Records excerpted from a collection:
========
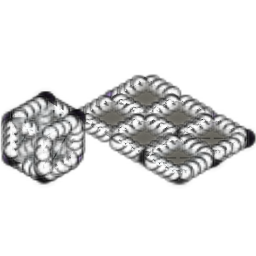
Kékesi Kristóf - Kocka v2 (Autodesk Fusion 360 design; units mm, degrees)
Autodesk Fusion 360 part; units mm, degrees
note: some values were not read from the file. Set by a fixed rule: which sketch regions a step uses.
sketch "Sketch1" plane through (0, 0, 0) normal (0, 0, 1) x (1, 0, 0) in component "Teli"
  line L0 (0, 0) -> (12.6, 0)
  line L1 (12.6, 0) -> (12.6, 4)
  line L2 (12.6, 4) -> (25.2, 4)
  line L3 (25.2, 4) -> (25.2, 0)
  line L4 (25.2, 0) -> (37.8, 0)
  line L5 (37.8, 0) -> (37.8, 4)
  line L6 (37.8, 4) -> (50.4, 4)
  line L7 (50.4, 4) -> (50.4, 0)
  line L8 (50.4, 0) -> (63, 0)
  line L9 (0, 63) -> (12.6, 63)
  line L10 (12.6, 63) -> (12.6, 59)
  line L11 (12.6, 59) -> (25.2, 59)
  line L12 (25.2, 59) -> (25.2, 63)
  line L13 (25.2, 63) -> (37.8, 63)
  line L14 (37.8, 63) -> (37.8, 59)
  line L15 (37.8, 59) -> (50.4, 59)
  line L16 (50.4, 59) -> (50.4, 63)
  line L17 (50.4, 63) -> (63, 63)
  line L18 (63, 63) -> (63, 50.4)
  line L19 (63, 50.4) -> (59, 50.4)
  line L20 (59, 50.4) -> (59, 37.8)
  line L21 (59, 37.8) -> (63, 37.8)
  line L22 (63, 37.8) -> (63, 25.2)
  line L23 (63, 25.2) -> (59, 25.2)
  line L24 (59, 25.2) -> (59, 12.6)
  line L25 (59, 12.6) -> (63, 12.6)
  line L26 (63, 12.6) -> (63, 0)
  line L27 (0, 63) -> (0, 50.4)
  line L28 (0, 50.4) -> (4, 50.4)
  line L29 (4, 50.4) -> (4, 37.8)
  line L30 (4, 37.8) -> (0, 37.8)
  line L31 (0, 37.8) -> (0, 25.2)
  line L32 (0, 25.2) -> (4, 25.2)
  line L33 (4, 25.2) -> (4, 12.6)
  line L34 (4, 12.6) -> (0, 12.6)
  line L35 (0, 12.6) -> (0, 0)
  line L36 (12.7, 65) -> (12.7, 61)
  line L37 (25.1, 61) -> (25.1, 65)
  line L38 (37.9, 65) -> (37.9, 61)
  line L39 (50.3, 61) -> (50.3, 65)
  line L40 (65, 50.3) -> (61, 50.3)
  line L41 (61, 37.9) -> (65, 37.9)
  line L42 (65, 25.1) -> (61, 25.1)
  line L43 (61, 12.7) -> (65, 12.7)
  line L44 (50.3, 4) -> (50.3, 0)
  line L45 (37.9, 0) -> (37.9, 4)
  line L46 (25.1, 4) -> (25.1, 0)
  line L47 (12.7, 0) -> (12.7, 4)
  line L48 (4, 12.7) -> (0, 12.7)
  line L49 (0, 25.1) -> (4, 25.1)
  line L50 (4, 37.9) -> (0, 37.9)
  line L51 (0, 50.3) -> (4, 50.3)
  dimension "d1" = 63
  dimension "d2" = 63
  dimension "d3" = 4
  dimension "d8" = 4
  dimension "d9" = 4
  dimension "d10" = 4
  dimension "d88" = -0.1
  dimension "d89" = -0.1
  dimension "d90" = -0.1
  dimension "d91" = -0.1
  dimension "d92" = -0.1
  dimension "d93" = -0.1
  dimension "d94" = -0.1
  dimension "d95" = -0.1
  dimension "d96" = 0.1
  dimension "d97" = 0.1
  dimension "d98" = 0.1
  dimension "d99" = 0.1
  dimension "d100" = 0.1
  dimension "d101" = 0.1
  dimension "d102" = 0.1
  dimension "d103" = 0.1
  constraint coincident L0.start L35.end
  constraint perpendicular L0 L1
  constraint perpendicular L1 L2
  constraint perpendicular L2 L3
  constraint perpendicular L3 L4
  constraint perpendicular L4 L5
  constraint perpendicular L3 L6
  constraint perpendicular L4 L7
  constraint equal L0 L2
  constraint equal L2 L4
  constraint equal L4 L6
  constraint equal L6 L8
  constraint collinear L2 L6
  constraint collinear L4 L8
  constraint collinear L0 L8
  constraint perpendicular L9 L10
  constraint perpendicular L10 L11
  constraint perpendicular L11 L12
  constraint perpendicular L12 L13
  constraint perpendicular L13 L14
  constraint perpendicular L14 L15
  constraint perpendicular L15 L16
  constraint horizontal L2
  constraint equal L9 L11
  constraint equal L11 L13
  constraint equal L13 L15
  constraint equal L15 L17
  constraint collinear L13 L17
  constraint collinear L9 L13
  constraint collinear L11 L15
  constraint perpendicular L17 L18
  constraint perpendicular L18 L19
  constraint perpendicular L19 L20
  constraint perpendicular L20 L21
  constraint perpendicular L21 L22
  constraint perpendicular L22 L23
  constraint perpendicular L23 L24
  constraint perpendicular L24 L25
  constraint perpendicular L8 L26
  constraint equal L18 L20
  constraint equal L20 L22
  constraint equal L22 L24
  constraint equal L24 L26
  constraint collinear L18 L22
  constraint collinear L22 L26
  constraint collinear L20 L24
  constraint perpendicular L9 L27
  constraint perpendicular L27 L28
  constraint perpendicular L9 L29
  constraint perpendicular L29 L30
  constraint perpendicular L30 L31
  constraint perpendicular L31 L32
  constraint perpendicular L32 L33
  constraint perpendicular L33 L34
  constraint vertical L35
  constraint equal L27 L29
  constraint equal L29 L31
  constraint equal L31 L33
  constraint equal L33 L35
  constraint collinear L27 L31
  constraint collinear L31 L35
  constraint collinear L29 L33
  measures "d1" distance of L9.start L17.end
  measures "d2" distance of L0.start L9.start
  measures "d3" distance of L0.end L1.end
  measures "d8" distance of L13.end L14.end
  measures "d9" distance of L18.end L19.end
  measures "d10" distance of L27.end L28.end
extrude "Extrude1" add sketch "Sketch1" along normal blind 4 makes body 1 in component "Teli"
sketch "Sketch2" plane through (0, 0, 0) normal (0, 0, 1) x (1, 0, 0) in component "Feles"
  line L0 (-63, -55) -> (-50.4, -55)
  line L1 (-50.4, -55) -> (-50.4, -59)
  line L2 (-50.4, -59) -> (-37.8, -59)
  line L3 (-37.8, -59) -> (-37.8, -55)
  line L4 (-37.8, -55) -> (-25.2, -55)
  line L5 (-25.2, -55) -> (-25.2, -59)
  line L6 (-25.2, -59) -> (-12.6, -59)
  line L7 (-12.6, -59) -> (-12.6, -55)
  line L8 (-12.6, -55) -> (0, -55)
  line L9 (-63, 0) -> (-50.4, 0)
  line L10 (-50.4, 0) -> (-50.4, 4)
  line L11 (-50.4, 4) -> (-37.8, 4)
  line L12 (-37.8, 4) -> (-37.8, 0)
  line L13 (-37.8, 0) -> (-25.2, 0)
  line L14 (-25.2, 0) -> (-25.2, 4)
  line L15 (-25.2, 4) -> (-12.6, 4)
  line L16 (-12.6, 4) -> (-12.6, 0)
  line L17 (-12.6, 0) -> (0, 0)
  line L18 (-12.6, -59) -> (0, -59) construction
  line L19 (0, 4) -> (-12.6, 4) construction
  line L20 (0, -55) -> (0, -46.4)
  line L21 (0, -46.4) -> (-4, -46.4)
  line L22 (-4, -46.4) -> (-4, -33.8)
  line L23 (-4, -33.8) -> (0, -33.8)
  line L24 (0, -21.2) -> (-4, -21.2)
  line L25 (-4, -21.2) -> (-4, -8.6)
  line L26 (-4, -8.6) -> (0, -8.6)
  line L27 (0, -8.6) -> (0, 0)
  line L28 (0, -33.8) -> (0, -21.2)
  line L29 (0, -59) -> (0, -46.4) construction
  line L30 (0, 4) -> (0, -8.6) construction
  line L31 (-63, -55) -> (-63, -46.4)
  line L32 (-63, -46.4) -> (-59, -46.4)
  line L33 (-59, -46.4) -> (-59, -33.8)
  line L34 (-59, -33.8) -> (-63, -33.8)
  line L35 (-63, -33.8) -> (-63, -21.2)
  line L36 (-63, -21.2) -> (-59, -21.2)
  line L37 (-59, -21.2) -> (-59, -8.6)
  line L38 (-59, -8.6) -> (-63, -8.6)
  line L39 (-63, -8.6) -> (-63, 0)
  line L40 (-50.5, 0) -> (-50.5, 4)
  line L41 (-37.7, 4) -> (-37.7, 0)
  line L42 (-25.3, 0) -> (-25.3, 4)
  line L43 (-12.5, 4) -> (-12.5, 0)
  line L44 (-4, -8.7) -> (0, -8.7)
  line L45 (0, -21.1) -> (-4, -21.1)
  line L46 (-4, -33.9) -> (0, -33.9)
  line L47 (0, -46.3) -> (-4, -46.3)
  line L48 (-12.5, -61) -> (-12.5, -57)
  line L49 (-25.3, -57) -> (-25.3, -61)
  line L50 (-37.7, -61) -> (-37.7, -57)
  line L51 (-50.5, -57) -> (-50.5, -61)
  line L52 (-65, -46.3) -> (-61, -46.3)
  line L53 (-61, -33.9) -> (-65, -33.9)
  line L54 (-65, -21.1) -> (-61, -21.1)
  line L55 (-61, -8.7) -> (-65, -8.7)
  dimension "d15" = 63
  dimension "d17" = 4
  dimension "d18" = 4
  dimension "d61" = 63
  dimension "d62" = 4
  dimension "d87" = 4
  dimension "d104" = -0.1
  dimension "d105" = -0.1
  dimension "d106" = -0.1
  dimension "d107" = -0.1
  dimension "d108" = 0.1
  dimension "d109" = 0.1
  dimension "d110" = 0.1
  dimension "d111" = 0.1
  dimension "d112" = 0.1
  dimension "d113" = 0.1
  dimension "d114" = 0.1
  dimension "d115" = 0.1
  dimension "d116" = -0.1
  dimension "d117" = -0.1
  dimension "d118" = -0.1
  dimension "d119" = -0.1
  constraint coincident L17.end L27.end
  constraint perpendicular L0 L1
  constraint perpendicular L1 L2
  constraint perpendicular L2 L3
  constraint perpendicular L3 L4
  constraint perpendicular L4 L5
  constraint perpendicular L5 L6
  constraint perpendicular L6 L7
  constraint horizontal L8
  constraint equal L6 L8
  constraint equal L4 L6
  constraint equal L2 L4
  constraint equal L0 L2
  constraint collinear L0 L4
  constraint collinear L4 L8
  constraint collinear L2 L6
  constraint perpendicular L9 L10
  constraint perpendicular L10 L11
  constraint perpendicular L11 L12
  constraint perpendicular L12 L13
  constraint perpendicular L13 L14
  constraint perpendicular L14 L15
  constraint perpendicular L15 L16
  constraint horizontal L17
  constraint collinear L9 L13
  constraint collinear L13 L17
  constraint collinear L11 L15
  constraint equal L13 L15
  constraint equal L15 L17
  constraint perpendicular L7 L18
  constraint horizontal L19
  constraint perpendicular L8 L20
  constraint perpendicular L20 L21
  constraint perpendicular L21 L22
  constraint perpendicular L17 L27
  constraint horizontal L24
  constraint horizontal L23
  constraint horizontal L26
  constraint perpendicular L24 L28
  constraint perpendicular L21 L29
  constraint perpendicular L26 L30
  constraint equal L25 L30
  constraint equal L25 L28
  constraint equal L22 L28
  constraint equal L22 L29
  constraint collinear L22 L25
  constraint collinear L20 L28
  constraint collinear L28 L30
  constraint collinear L5 L14
  constraint collinear L1 L10
  constraint perpendicular L0 L31
  constraint perpendicular L31 L32
  constraint perpendicular L0 L33
  constraint perpendicular L33 L34
  constraint perpendicular L0 L35
  constraint perpendicular L35 L36
  constraint perpendicular L0 L37
  constraint perpendicular L37 L38
  constraint vertical L39
  constraint collinear L33 L37
  constraint collinear L35 L39
  constraint collinear L31 L35
  constraint collinear L26 L38
  constraint collinear L24 L36
  constraint collinear L23 L34
  constraint collinear L21 L32
  measures "d15" distance of L17.end L9.start
  measures "d17" distance of L2.end L3.end
  measures "d18" distance of L11.end L12.end
  measures "d61" distance of L18.end L19.start
  measures "d62" distance of L20.end L21.end
  measures "d87" distance of L33.end L34.end
extrude "Extrude2" add sketch "Sketch2" along normal blind 4 separate body makes body 2 in component "Feles"
sketch "Sketch2 (2)" plane through (0, 0, 0) normal (0, 0, 1) x (1, 0, 0) in component "Üres"
  line L0 (0, 0) -> (-63, 0) construction
  line L1 (-63, 0) -> (-63, -63) construction
  line L2 (-63, -63) -> (0, -63) construction
  line L3 (0, -63) -> (0, 0) construction
  line L4 (-59, -59) -> (-63, -59) construction
  line L5 (-59, -59) -> (-59, -63) construction
  line L6 (-4, -4) -> (-4, 0) construction
  line L7 (-59, -63) -> (-59, -50.4) construction
  line L8 (-59, -50.4) -> (-63, -50.4)
  line L9 (-63, -37.8) -> (-59, -37.8)
  line L10 (-59, -37.8) -> (-59, -25.2)
  line L11 (-63, -25.2) -> (-63, -12.6)
  line L12 (-59, -12.6) -> (-59, 0) construction
  line L13 (-63, -25.2) -> (-59, -25.2)
  line L14 (-63, -12.6) -> (-59, -12.6)
  line L15 (-63, -50.4) -> (-63, -37.8)
  line L16 (-59, -59) -> (-59, -50.4)
  line L17 (-59, -37.8) -> (-59, -25.2)
  line L18 (-59, -12.6) -> (-59, -4)
  line L19 (-4, -4) -> (-12.6, -4)
  line L20 (-12.6, -4) -> (-12.6, 0)
  line L21 (-12.6, 0) -> (-25.2, 0)
  line L22 (-25.2, -4) -> (-37.8, -4)
  line L23 (-37.8, -4) -> (-37.8, 0)
  line L24 (-50.4, 0) -> (-50.4, -4)
  line L25 (-50.4, -4) -> (-59, -4)
  line L26 (-50.4, 0) -> (-37.8, 0)
  line L27 (-25.2, -4) -> (-25.2, 0)
  line L28 (0, -4) -> (-12.6, -4) construction
  line L29 (-63, -4) -> (-50.4, -4) construction
  line L30 (-4, -4) -> (0, -4) construction
  line L31 (-59, -59) -> (-4, -4) construction
  line L32 (-59, -59) -> (-4, -4) construction
  line L33 (-4, -4) -> (-4, 0) construction
  line L34 (0, -12.6) -> (0, -25.2)
  line L35 (-4, 0) -> (-4, -12.6) construction
  line L36 (-4, -25.2) -> (0, -25.2)
  line L37 (-37.8, -63) -> (-37.8, -59)
  line L38 (-63, -59) -> (-50.4, -59) construction
  line L39 (-4, -12.6) -> (0, -12.6)
  line L40 (-4, -37.8) -> (0, -37.8)
  line L41 (-50.4, -59) -> (-50.4, -63)
  line L42 (0, -50.4) -> (0, -37.8)
  line L43 (-59, -59) -> (-50.4, -59)
  line L44 (0, -50.4) -> (-4, -50.4)
  line L45 (-4, -4) -> (-4, -12.6)
  line L46 (-12.6, -59) -> (-4, -59)
  line L47 (0, 0) -> (0, -63) construction
  line L48 (-4, -50.4) -> (-4, -59)
  line L49 (-12.6, -63) -> (-12.6, -59)
  line L50 (-4, -25.2) -> (-4, -37.8)
  line L51 (-37.8, -59) -> (-25.2, -59)
  line L52 (-4, -4) -> (0, -4) construction
  line L53 (0, -63) -> (-63, -63) construction
  line L54 (-12.6, -59) -> (0, -59) construction
  line L55 (-25.2, -63) -> (-12.6, -63)
  line L56 (-4, -63) -> (-4, -50.4) construction
  line L57 (-50.4, -63) -> (-37.8, -63)
  line L58 (-37.8, -59) -> (-25.2, -59)
  line L59 (-25.2, -63) -> (-25.2, -59)
  line L60 (-50.5, 0) -> (-50.5, -4)
  line L61 (-37.7, -4) -> (-37.7, 0)
  line L62 (-25.3, -4) -> (-25.3, 0)
  line L63 (-12.5, -4) -> (-12.5, 0)
  line L64 (-4, -12.5) -> (0, -12.5)
  line L65 (-4, -25.3) -> (0, -25.3)
  line L66 (-4, -37.7) -> (0, -37.7)
  line L67 (0, -50.5) -> (-4, -50.5)
  line L68 (-12.5, -65) -> (-12.5, -61)
  line L69 (-25.3, -65) -> (-25.3, -61)
  line L70 (-37.7, -65) -> (-37.7, -61)
  line L71 (-50.5, -61) -> (-50.5, -65)
  line L72 (-61, -50.5) -> (-65, -50.5)
  line L73 (-65, -37.7) -> (-61, -37.7)
  line L74 (-65, -25.3) -> (-61, -25.3)
  line L75 (-65, -12.5) -> (-61, -12.5)
  dimension "d48" = 63
  dimension "d49" = 63
  dimension "d50" = 4
  dimension "d51" = 4
  dimension "d53" = 4
  dimension "d54" = 4
  dimension "d120" = 0.1
  dimension "d121" = 0.1
  dimension "d122" = -0.1
  dimension "d123" = 0.1
  dimension "d124" = -0.1
  dimension "d125" = 0.1
  dimension "d126" = -0.1
  dimension "d127" = -0.1
  dimension "d128" = 0.1
  dimension "d129" = -0.1
  dimension "d130" = 0.1
  dimension "d131" = 0.1
  dimension "d132" = -0.1
  dimension "d133" = -0.1
  dimension "d134" = 0.1
  dimension "d135" = -0.1
  constraint horizontal L0
  constraint vertical L1
  constraint horizontal L2
  constraint vertical L3
  constraint coincident L0.start L3.end
  constraint vertical L16
  constraint coincident L1 L4.end
  constraint perpendicular L1 L4
  constraint coincident L2 L5.end
  constraint perpendicular L2 L5
  constraint coincident L0 L6.end
  constraint perpendicular L0 L6
  constraint coincident L1 L8.end
  constraint perpendicular L1 L8
  constraint coincident L1 L9.start
  constraint coincident L9.end L16
  constraint perpendicular L9 L16
  constraint coincident L10.end L16
  constraint coincident L1 L11.start
  constraint coincident L1 L11.end
  constraint coincident L12.start L16
  constraint coincident L0 L12.end
  constraint perpendicular L0 L12
  constraint perpendicular L13 L16
  constraint perpendicular L14 L16
  constraint equal L7 L15
  constraint equal L10 L15
  constraint equal L10 L11
  constraint equal L11 L12
  constraint collinear L16 L17
  constraint collinear L17 L18
  constraint coincident L0 L20.end
  constraint perpendicular L0 L20
  constraint coincident L0 L21.end
  constraint perpendicular L20 L22
  constraint coincident L0 L23.end
  constraint perpendicular L0 L23
  constraint coincident L0 L24.start
  constraint perpendicular L0 L24
  constraint perpendicular L21 L27
  constraint collinear L19 L22
  constraint collinear L22 L25
  constraint coincident L3 L28.start
  constraint coincident L1 L29.start
  constraint equal L26 L29
  constraint equal L22 L26
  constraint equal L21 L22
  constraint equal L21 L28
  constraint horizontal L29
  constraint horizontal L28
  constraint symmetric L0.start L31 L3.end
  constraint symmetric L0.end L31 L2.end
  constraint symmetric L1.end L31 L2.start
  constraint symmetric L4.start L31 L5.start
  constraint symmetric L18.end L31 L46.end
  constraint symmetric L6.start L31 L19.start
  constraint symmetric L5.end L31 L4.end
  constraint symmetric L6.end L31 L28.start
  constraint symmetric L7.end L31 L38.end
  constraint symmetric L8.end L31 L41.end
  constraint symmetric L9.start L31 L37.start
  constraint symmetric L9.end L31 L37.end
  constraint symmetric L10.end L31 L51.end
  constraint symmetric L11.start L31 L55.start
  constraint symmetric L11.end L31 L49.start
  constraint symmetric L12.start L31 L46.start
  constraint symmetric L12.end L31 L54.end
  constraint symmetric L19.end L31 L35.end
  constraint symmetric L20.end L31 L34.start
  constraint symmetric L21.end L31 L34.end
  constraint symmetric L22.start L31 L36.start
  constraint symmetric L22.end L31 L40.start
  constraint symmetric L23.end L31 L40.end
  constraint symmetric L24.start L31 L42.start
  constraint symmetric L24.end L31 L44.end
  constraint symmetric L28.start L31 L6.end
  constraint symmetric L29.start L31 L56.start
  measures "d48" distance of L0.start L0.end
  measures "d49" distance of L0.start L2.end
  measures "d50" distance of L4.start L4.end
  measures "d51" distance of L4.start L5.end
  measures "d53" distance of L6.start L6.end
  measures "d54" distance of L6.start L28.start
extrude "Extrude2'" add sketch "Sketch2 (2)" along normal blind 4 separate body makes body 3 in component "Üres"
other "Arrange1"
component "Feles" placed x (1, 0, 0) y (0, 0, -1) z (0, 1, 0) at (63, 0, 4)
component "Üres" placed x (0, 0, 1) y (0, 1, 0) z (-1, 0, 0) at (63, 63, 63)
component "Feles" placed x (1, 0, 0) y (0, 0, -1) z (0, 1, 0) at (63, 59, 4)
component "Üres" placed x (0, 0, 1) y (0, 1, 0) z (-1, 0, 0) at (4, 63, 63)
component "Teli" placed x (1, 0, 0) y (0, 1, 0) z (0, 0, 1) at (0, 0, 0)
component "Teli" placed x (1, 0, 0) y (0, 1, 0) z (0, 0, 1) at (0, 0, 59)
component "Arrange1" placed x (1, 0, 0) y (0, 1, 0) z (0, 0, 1) at (0, 0, 0)
component "Envelope1(Qty: 1)" placed x (1, 0, 0) y (0, 1, 0) z (0, 0, 1) at (0, 125, 0) in component "Arrange1"
component "Teli" placed x (1, 0, 0) y (0, 1, 0) z (0, 0, 1) at (2, 2, 0) in component "Envelope1(Qty: 1)"
component "Feles" placed x (1, 0, 0) y (0, 1, 0) z (0, 0, 1) at (130, 61, 0) in component "Envelope1(Qty: 1)"
component "Üres" placed x (1, 0, 0) y (0, 1, 0) z (0, 0, 1) at (195, 65, 0) in component "Envelope1(Qty: 1)"
component "Teli" placed x (1, 0, 0) y (0, 1, 0) z (0, 0, 1) at (2, 67, 0) in component "Envelope1(Qty: 1)"
component "Feles" placed x (1, 0, 0) y (0, 1, 0) z (0, 0, 1) at (130, 126, 0) in component "Envelope1(Qty: 1)"
component "Üres" placed x (1, 0, 0) y (0, 1, 0) z (0, 0, 1) at (195, 130, 0) in component "Envelope1(Qty: 1)"
equation "d2 = d1"
equation "d6 = d3"
equation "d8 = d3"
equation "d9 = d3"
equation "d10 = d3"
equation "d15 = d1"
equation "d17 = d3"
equation "d18 = d3"
equation "d19 = d3"
equation "d48 = d1"
equation "d49 = d1"
equation "d50 = d3"
equation "d51 = d3"
equation "d53 = d3"
equation "d54 = d3"
equation "d55 = d3"
equation "d61 = d1"
equation "d62 = d3"
equation "d87 = d3"
========
> [PROMPT]:
Your answer must be every line from the entries that contains the string "Autodesk", copied as it stands.

> [WRITTEN REPLY]:
Kékesi Kristóf - Kocka v2 (Autodesk Fusion 360 design; units mm, degrees)
Autodesk Fusion 360 part; units mm, degrees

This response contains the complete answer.